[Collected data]
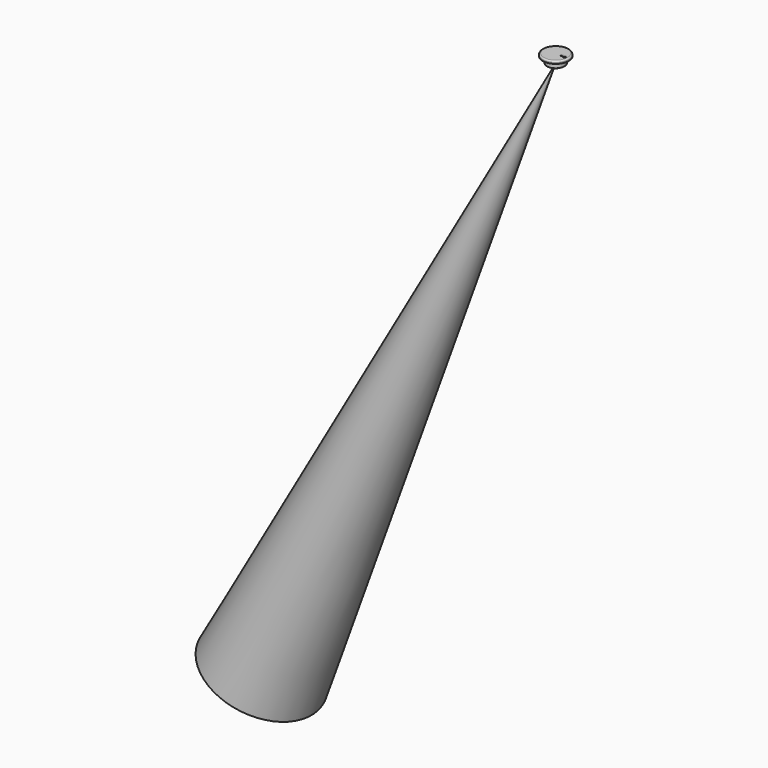
from build123d import *

# Parameters (mm, degrees)
F2_W     = 100
F2_H     = 70
F4_R     = 15
F7_DEPTH = 2


# Not quite as in the source:
# - a feature names something its author has since deleted; it is built from what else it names


with BuildPart() as f1:
    # F0 (on Front) → F1 (revolve)
    with BuildSketch(Plane.XZ):
        with BuildLine():
            Line((-3380.9460939256, -7250.4622962932), (0, 0))
            Line((0, 0), (-24.6211780052, -43.517784797))
            Line((-24.6211780052, -43.517784797), (-1969.6942404139, -3481.4227837596))
            Line((-1969.6942404139, -3481.4227837596), (-2462.1178005173, -4351.7784796995))
            Line((-2462.1178005173, -4351.7784796995), (-3446.9649207243, -6092.4898715793))
            Line((-3446.9649207243, -6092.4898715793), (-3939.3884808277, -6962.8455675192))
            ThreePointArc((-3939.3884808277, -6962.8455675192), (-3662.9913209357, -7112.1371318859), (-3380.9460939256, -7250.4622962932))
        make_face()
        with BuildLine():
            Line((-24.6211780052, -43.517784797), (0, 0))
            Line((0, 0), (21.130913087, 45.3153893518))
            ThreePointArc((21.130913087, 45.3153893518), (-44.4508570743, 22.8936957558), (-24.6211780052, -43.517784797))
        make_face()
    revolve(axis=Axis((-1690.4730469628, 0, -3625.2311481466), (-0.4226182617, 0, -0.906307787)))


with BuildPart() as f3:
    # F2 (on Right) → F3 (revolve)
    with BuildSketch(Plane.YZ):
        with Locations((-50, 35)):
            Rectangle(F2_W, F2_H)
        Polygon((-100, 70), (0, 70), (0, 100), (-150, 100), (-150, 70), align=None)
    revolve(axis=Axis((0, 0, 35), (0, 0, 1)))

    # F4
    f4_edges = [f3.edges().sort_by_distance(p)[0] for p in [
        (0, 150, 100),
    ]]
    fillet(f4_edges, radius=F4_R)

    # F6 (on offset) → F7 (join)
    with BuildSketch(Plane.XY.offset(100)):
        Polygon((102.5, -20), (132.5, 0), (102.5, 20), (102.5, 10), (62.5, 10), (62.5, 0), (62.5, -10), (102.5, -10), align=None)
    extrude(amount=F7_DEPTH)


solid = Compound([f1.part, f3.part])

### WHAT THE TASK REQUIRES
In the answer, include exactly the lines from the line containing "(-150, 70), align=None)" through the end of the data, and nothing else.

### TASK OUTPUT
        Polygon((-100, 70), (0, 70), (0, 100), (-150, 100), (-150, 70), align=None)
    revolve(axis=Axis((0, 0, 35), (0, 0, 1)))

    # F4
    f4_edges = [f3.edges().sort_by_distance(p)[0] for p in [
        (0, 150, 100),
    ]]
    fillet(f4_edges, radius=F4_R)

    # F6 (on offset) → F7 (join)
    with BuildSketch(Plane.XY.offset(100)):
        Polygon((102.5, -20), (132.5, 0), (102.5, 20), (102.5, 10), (62.5, 10), (62.5, 0), (62.5, -10), (102.5, -10), align=None)
    extrude(amount=F7_DEPTH)


solid = Compound([f1.part, f3.part])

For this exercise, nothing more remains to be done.